Quick AI Glossary

4 min read

The other day, after publishing a post about an AI competition I participated in, my brother told me that he didn't fully understand several terms. He said that if he couldn't grasp them, probably my audience couldn't either. So I decided to make this small guide with concepts that I sometimes take for granted that everyone knows.

LLM (Large Language Model)

It's an algorithm capable of understanding and writing in human language. It's important not to confuse it with ChatGPT; ChatGPT is an application that uses an LLM (currently, a model like GPT-5). LLMs are trained by reading enormous amounts of internet content, books, and other text sources to learn to communicate like us. They work using probabilities to predict what is the best word that follows in a sentence. Today there are many on the market (GPT-4o, Claude 3, Llama 3, Grok, etc.), each with their strengths and weaknesses.

Prompt (Instruction)

The prompt is simply the text or instruction you send to the LLM to ask it to do something. It's your starting point for the conversation.

Prompt example

Prompt example

Prompt Engineering

These are the techniques used to write better prompts. It's more than proven that a well-structured prompt, with good context and clear details, produces much better and more precise results from LLMs. (Since I'm writing more often, I have in my "backlog" a guide of the techniques I use to improve my prompts)

Token

Tokens are the way LLMs process language. Instead of "seeing" complete words, they divide the text into smaller pieces (tokens) to understand it better. For example, "walking" could be "walk" + "ing". Every time you use an LLM, the cost is calculated based on input tokens (your prompt) and output tokens (its response).

tokens

tokens

Fun fact: Since it's predicted that AI could automate many jobs, there are already important people, like Anthropic's CEO, who have proposed the idea of charging a "token tax" in the future.

https://the-decoder.com/anthropic-ceo-predicts-20-unemployment-from-ai-and-suggests-taxing-every-ai-responseanthropic-ceo-predicts-massive-job-losses-and-proposes-a-token-tax/

AGI (Artificial General Intelligence)

AGI (Artificial General Intelligence) is the great dream of many in this field (myself included). It's a theoretical concept that describes an AI that would be better than any human at practically all tasks. Imagine an AI that's a better engineer than me, better lawyer than Eugenio, better doctor than Dr. Pérez, better president than President Boric, better soccer player than Messi and so on in every job.
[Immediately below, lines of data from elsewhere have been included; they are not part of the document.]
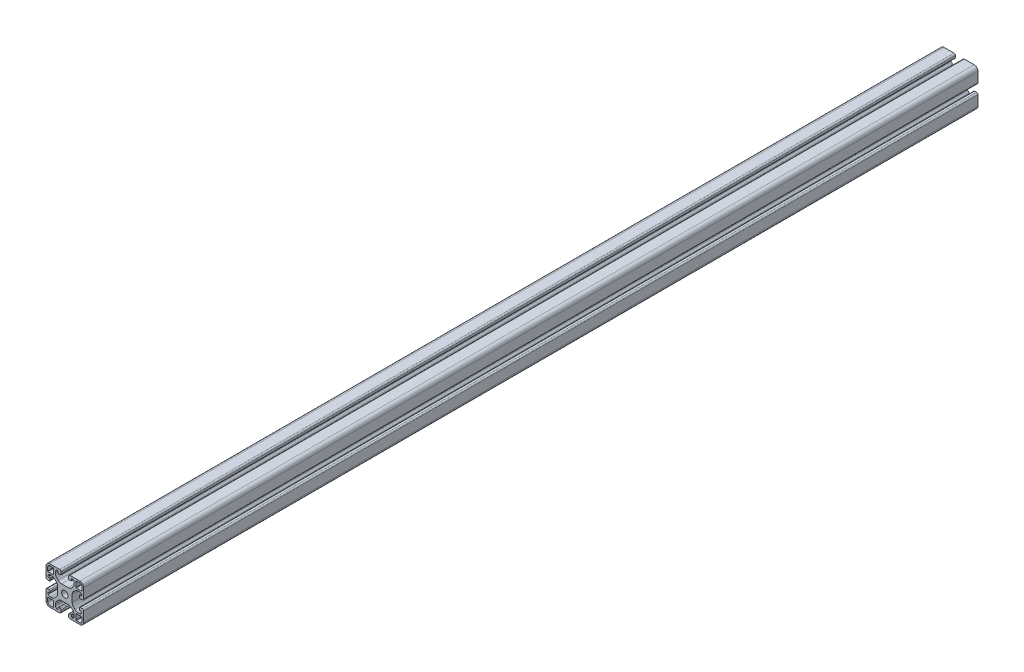
SolidWorks part; units mm, degrees
ref_plane "Plan de face" through (0, 0, 0) normal (0, 0, 1) x (1, 0, 0)
ref_plane "Plan de dessus" through (0, 0, 0) normal (0, 1, 0) x (1, 0, 0)
ref_plane "Plan de droite" through (0, 0, 0) normal (1, 0, 0) x (0, 0, -1)
ref_plane "Plan1" through (0, 0, -30) normal (0, 0, -1) x (-1, 0, 0)
sketch "Esquisse1" plane through (0, 0, -30) normal (0, 0, -1) x (-1, 0, 0)
  line L0 (-4.5, 15) -> (-4.5, 13.5)
  line L1 (-4, 13) -> (-2.5, 13)
  line L2 (-4.5, 10) -> (-5.8076, 10)
  line L3 (-9.3431, 11.4645) -> (-10.7855, 12.9069)
  line L4 (-12.25, 16.4424) -> (-12.25, 23.5576)
  line L5 (-10.7855, 27.0931) -> (-9.3431, 28.5355)
  line L6 (-5.8076, 30) -> (-4.5, 30)
  line L7 (-2.5, 27) -> (-4, 27)
  line L8 (-4.5, 26.5) -> (-4.5, 25)
  line L9 (-3.5, 24) -> (-1.5, 24)
  line L10 (0, 25.5) -> (0, 36)
  line L11 (-4, 40) -> (-14.5, 40)
  line L12 (-16, 38.5) -> (-16, 36.5)
  line L13 (-15, 35.5) -> (-13.5, 35.5)
  line L14 (-13, 36) -> (-13, 37.5)
  line L15 (-10, 35.5) -> (-10, 34.1924)
  line L16 (-11.4645, 30.6569) -> (-12.9069, 29.2145)
  line L17 (-16.4424, 27.75) -> (-23.5576, 27.75)
  line L18 (-27.0931, 29.2145) -> (-28.5355, 30.6569)
  line L19 (-30, 34.1924) -> (-30, 35.5)
  line L20 (-27, 37.5) -> (-27, 36)
  line L21 (-26.5, 35.5) -> (-25, 35.5)
  line L22 (-24, 36.5) -> (-24, 38.5)
  line L23 (-25.5, 40) -> (-36, 40)
  line L24 (-40, 36) -> (-40, 25.5)
  line L25 (-38.5, 24) -> (-36.5, 24)
  line L26 (-35.5, 25) -> (-35.5, 26.5)
  line L27 (-36, 27) -> (-37.5, 27)
  line L28 (-35.5, 30) -> (-34.1924, 30)
  line L29 (-30.6569, 28.5355) -> (-29.2145, 27.0931)
  line L30 (-27.75, 23.5576) -> (-27.75, 16.4424)
  line L31 (-29.2145, 12.9069) -> (-30.6569, 11.4645)
  line L32 (-34.1924, 10) -> (-35.5, 10)
  line L33 (-37.5, 13) -> (-36, 13)
  line L34 (-35.5, 13.5) -> (-35.5, 15)
  line L35 (-36.5, 16) -> (-38.5, 16)
  line L36 (-40, 14.5) -> (-40, 4)
  line L37 (-36, 0) -> (-25.5, 0)
  line L38 (-24, 1.5) -> (-24, 3.5)
  line L39 (-25, 4.5) -> (-26.5, 4.5)
  line L40 (-27, 4) -> (-27, 2.5)
  line L41 (-30, 4.5) -> (-30, 5.8076)
  line L42 (-28.5355, 9.3431) -> (-27.0931, 10.7855)
  line L43 (-23.5576, 12.25) -> (-16.4424, 12.25)
  line L44 (-12.9069, 10.7855) -> (-11.4645, 9.3431)
  line L45 (-10, 5.8076) -> (-10, 4.5)
  line L46 (-13, 2.5) -> (-13, 4)
  line L47 (-13.5, 4.5) -> (-15, 4.5)
  line L48 (-16, 3.5) -> (-16, 1.5)
  line L49 (-14.5, 0) -> (-4, 0)
  line L50 (0, 4) -> (0, 14.5)
  line L51 (-1.5, 16) -> (-3.5, 16)
  line L52 (-4, 1.8) -> (-7.7, 1.8)
  line L53 (-8.2, 2.3) -> (-8.2, 7.7)
  line L54 (-7.7, 8.2) -> (-2.3, 8.2)
  line L55 (-1.8, 7.7) -> (-1.8, 4)
  line L56 (-38.2, 4) -> (-38.2, 7.7)
  line L57 (-37.7, 8.2) -> (-32.3, 8.2)
  line L58 (-31.8, 7.7) -> (-31.8, 2.3)
  line L59 (-32.3, 1.8) -> (-36, 1.8)
  line L60 (-36, 38.2) -> (-32.3, 38.2)
  line L61 (-31.8, 37.7) -> (-31.8, 32.3)
  line L62 (-32.3, 31.8) -> (-37.7, 31.8)
  line L63 (-38.2, 32.3) -> (-38.2, 36)
  line L64 (-1.8, 36) -> (-1.8, 32.3)
  line L65 (-2.3, 31.8) -> (-7.7, 31.8)
  line L66 (-8.2, 32.3) -> (-8.2, 37.7)
  line L67 (-7.7, 38.2) -> (-4, 38.2)
  arc A0 (-4.5, 13.5) -> (-4, 13) centre (-4, 13.5) ccw
  arc A1 (-2.5, 13) -> (-2, 12.5) centre (-2.5, 12.5) cw
  arc A2 (-2, 12.5) -> (-4.5, 10) centre (-4.5, 12.5) cw
  arc A3 (-5.8076, 10) -> (-9.3431, 11.4645) centre (-5.8076, 15) cw
  arc A4 (-10.7855, 12.9069) -> (-12.25, 16.4424) centre (-7.25, 16.4424) cw
  arc A5 (-12.25, 23.5576) -> (-10.7855, 27.0931) centre (-7.25, 23.5576) cw
  arc A6 (-9.3431, 28.5355) -> (-5.8076, 30) centre (-5.8076, 25) cw
  arc A7 (-4.5, 30) -> (-2, 27.5) centre (-4.5, 27.5) cw
  arc A8 (-2, 27.5) -> (-2.5, 27) centre (-2.5, 27.5) cw
  arc A9 (-4, 27) -> (-4.5, 26.5) centre (-4, 26.5) ccw
  arc A10 (-4.5, 25) -> (-3.5, 24) centre (-3.5, 25) ccw
  arc A11 (-1.5, 24) -> (0, 25.5) centre (-1.5, 25.5) ccw
  arc A12 (0, 36) -> (-4, 40) centre (-4, 36) ccw
  arc A13 (-14.5, 40) -> (-16, 38.5) centre (-14.5, 38.5) ccw
  arc A14 (-16, 36.5) -> (-15, 35.5) centre (-15, 36.5) ccw
  arc A15 (-13.5, 35.5) -> (-13, 36) centre (-13.5, 36) ccw
  arc A16 (-13, 37.5) -> (-12.5, 38) centre (-12.5, 37.5) cw
  arc A17 (-12.5, 38) -> (-10, 35.5) centre (-12.5, 35.5) cw
  arc A18 (-10, 34.1924) -> (-11.4645, 30.6569) centre (-15, 34.1924) cw
  arc A19 (-12.9069, 29.2145) -> (-16.4424, 27.75) centre (-16.4424, 32.75) cw
  arc A20 (-23.5576, 27.75) -> (-27.0931, 29.2145) centre (-23.5576, 32.75) cw
  arc A21 (-28.5355, 30.6569) -> (-30, 34.1924) centre (-25, 34.1924) cw
  arc A22 (-30, 35.5) -> (-27.5, 38) centre (-27.5, 35.5) cw
  arc A23 (-27.5, 38) -> (-27, 37.5) centre (-27.5, 37.5) cw
  arc A24 (-27, 36) -> (-26.5, 35.5) centre (-26.5, 36) ccw
  arc A25 (-25, 35.5) -> (-24, 36.5) centre (-25, 36.5) ccw
  arc A26 (-24, 38.5) -> (-25.5, 40) centre (-25.5, 38.5) ccw
  arc A27 (-36, 40) -> (-40, 36) centre (-36, 36) ccw
  arc A28 (-40, 25.5) -> (-38.5, 24) centre (-38.5, 25.5) ccw
  arc A29 (-36.5, 24) -> (-35.5, 25) centre (-36.5, 25) ccw
  arc A30 (-35.5, 26.5) -> (-36, 27) centre (-36, 26.5) ccw
  arc A31 (-37.5, 27) -> (-38, 27.5) centre (-37.5, 27.5) cw
  arc A32 (-38, 27.5) -> (-35.5, 30) centre (-35.5, 27.5) cw
  arc A33 (-34.1924, 30) -> (-30.6569, 28.5355) centre (-34.1924, 25) cw
  arc A34 (-29.2145, 27.0931) -> (-27.75, 23.5576) centre (-32.75, 23.5576) cw
  arc A35 (-27.75, 16.4424) -> (-29.2145, 12.9069) centre (-32.75, 16.4424) cw
  arc A36 (-30.6569, 11.4645) -> (-34.1924, 10) centre (-34.1924, 15) cw
  arc A37 (-35.5, 10) -> (-38, 12.5) centre (-35.5, 12.5) cw
  arc A38 (-38, 12.5) -> (-37.5, 13) centre (-37.5, 12.5) cw
  arc A39 (-36, 13) -> (-35.5, 13.5) centre (-36, 13.5) ccw
  arc A40 (-35.5, 15) -> (-36.5, 16) centre (-36.5, 15) ccw
  arc A41 (-38.5, 16) -> (-40, 14.5) centre (-38.5, 14.5) ccw
  arc A42 (-40, 4) -> (-36, 0) centre (-36, 4) ccw
  arc A43 (-25.5, 0) -> (-24, 1.5) centre (-25.5, 1.5) ccw
  arc A44 (-24, 3.5) -> (-25, 4.5) centre (-25, 3.5) ccw
  arc A45 (-26.5, 4.5) -> (-27, 4) centre (-26.5, 4) ccw
  arc A46 (-27, 2.5) -> (-27.5, 2) centre (-27.5, 2.5) cw
  arc A47 (-27.5, 2) -> (-30, 4.5) centre (-27.5, 4.5) cw
  arc A48 (-30, 5.8076) -> (-28.5355, 9.3431) centre (-25, 5.8076) cw
  arc A49 (-27.0931, 10.7855) -> (-23.5576, 12.25) centre (-23.5576, 7.25) cw
  arc A50 (-16.4424, 12.25) -> (-12.9069, 10.7855) centre (-16.4424, 7.25) cw
  arc A51 (-11.4645, 9.3431) -> (-10, 5.8076) centre (-15, 5.8076) cw
  arc A52 (-10, 4.5) -> (-12.5, 2) centre (-12.5, 4.5) cw
  arc A53 (-12.5, 2) -> (-13, 2.5) centre (-12.5, 2.5) cw
  arc A54 (-13, 4) -> (-13.5, 4.5) centre (-13.5, 4) ccw
  arc A55 (-15, 4.5) -> (-16, 3.5) centre (-15, 3.5) ccw
  arc A56 (-16, 1.5) -> (-14.5, 0) centre (-14.5, 1.5) ccw
  arc A57 (-4, 0) -> (0, 4) centre (-4, 4) ccw
  arc A58 (0, 14.5) -> (-1.5, 16) centre (-1.5, 14.5) ccw
  arc A59 (-3.5, 16) -> (-4.5, 15) centre (-3.5, 15) ccw
  circle A60 centre (-20, 20) radius 3.4
  arc A61 (-1.8, 4) -> (-4, 1.8) centre (-4, 4) cw
  arc A62 (-7.7, 1.8) -> (-8.2, 2.3) centre (-7.7, 2.3) cw
  arc A63 (-8.2, 7.7) -> (-7.7, 8.2) centre (-7.7, 7.7) cw
  arc A64 (-2.3, 8.2) -> (-1.8, 7.7) centre (-2.3, 7.7) cw
  arc A65 (-36, 1.8) -> (-38.2, 4) centre (-36, 4) cw
  arc A66 (-38.2, 7.7) -> (-37.7, 8.2) centre (-37.7, 7.7) cw
  arc A67 (-32.3, 8.2) -> (-31.8, 7.7) centre (-32.3, 7.7) cw
  arc A68 (-31.8, 2.3) -> (-32.3, 1.8) centre (-32.3, 2.3) cw
  arc A69 (-38.2, 36) -> (-36, 38.2) centre (-36, 36) cw
  arc A70 (-32.3, 38.2) -> (-31.8, 37.7) centre (-32.3, 37.7) cw
  arc A71 (-31.8, 32.3) -> (-32.3, 31.8) centre (-32.3, 32.3) cw
  arc A72 (-37.7, 31.8) -> (-38.2, 32.3) centre (-37.7, 32.3) cw
  arc A73 (-4, 38.2) -> (-1.8, 36) centre (-4, 36) cw
  arc A74 (-1.8, 32.3) -> (-2.3, 31.8) centre (-2.3, 32.3) cw
  arc A75 (-7.7, 31.8) -> (-8.2, 32.3) centre (-7.7, 32.3) cw
  arc A76 (-8.2, 37.7) -> (-7.7, 38.2) centre (-7.7, 37.7) cw
extrude "Boss.-Extru.1" add sketch "Esquisse1" against normal blind 950

AI Agent (Artificial Intelligence Agent)

An agent is a "program with its own initiative" that not only responds to what you ask it, but can take actions on its own based on what it detects and what it knows, until it fulfills its objective. Right now the term agent is in a hype phase, where many call an AI script that answers questions an agent (I've done it too), when in reality the promise is much bigger

In theory, in the coming years we're going to see agents that should be capable of doing things like:

  • Collaborate digitally with you (joins a meeting, writes a document, makes a purchase, etc)
  • Make decisions on its own, even when you're not watching.
  • Coordinate resources and tools to fulfill its mission
  • Learn and improve over time

Right now most (if not all) "agents" don't have:

  • Long-term memory
  • Ability to coordinate complex tasks
  • Robust reasoning
  • Learning capability
How I imagine an agent in the future

How I imagine an agent in the future

Bias

It's a prejudice the model has. Because LLMs learn from texts written by humans, they inherit our biases: they can be racist, sexist, or xenophobic (just like us, sometimes). In some cases, these biases are included intentionally, as in the case of Grok, which often reflects Elon Musk's positions.

Hallucinations

This is when AI makes up information and presents it as if it were a real fact. Be very careful with this! LLMs sometimes generate data, quotes, or events that never happened. It's always a good idea to verify important information from other sources.

Benchmark

It's a performance test given to LLMs to see how they perform against different challenges. There are benchmarks to measure text comprehension, mathematical reasoning, general knowledge, and many other skills.

These are the terms I have for now. I'm going to keep updating this list of terms as I write more entries on my blog.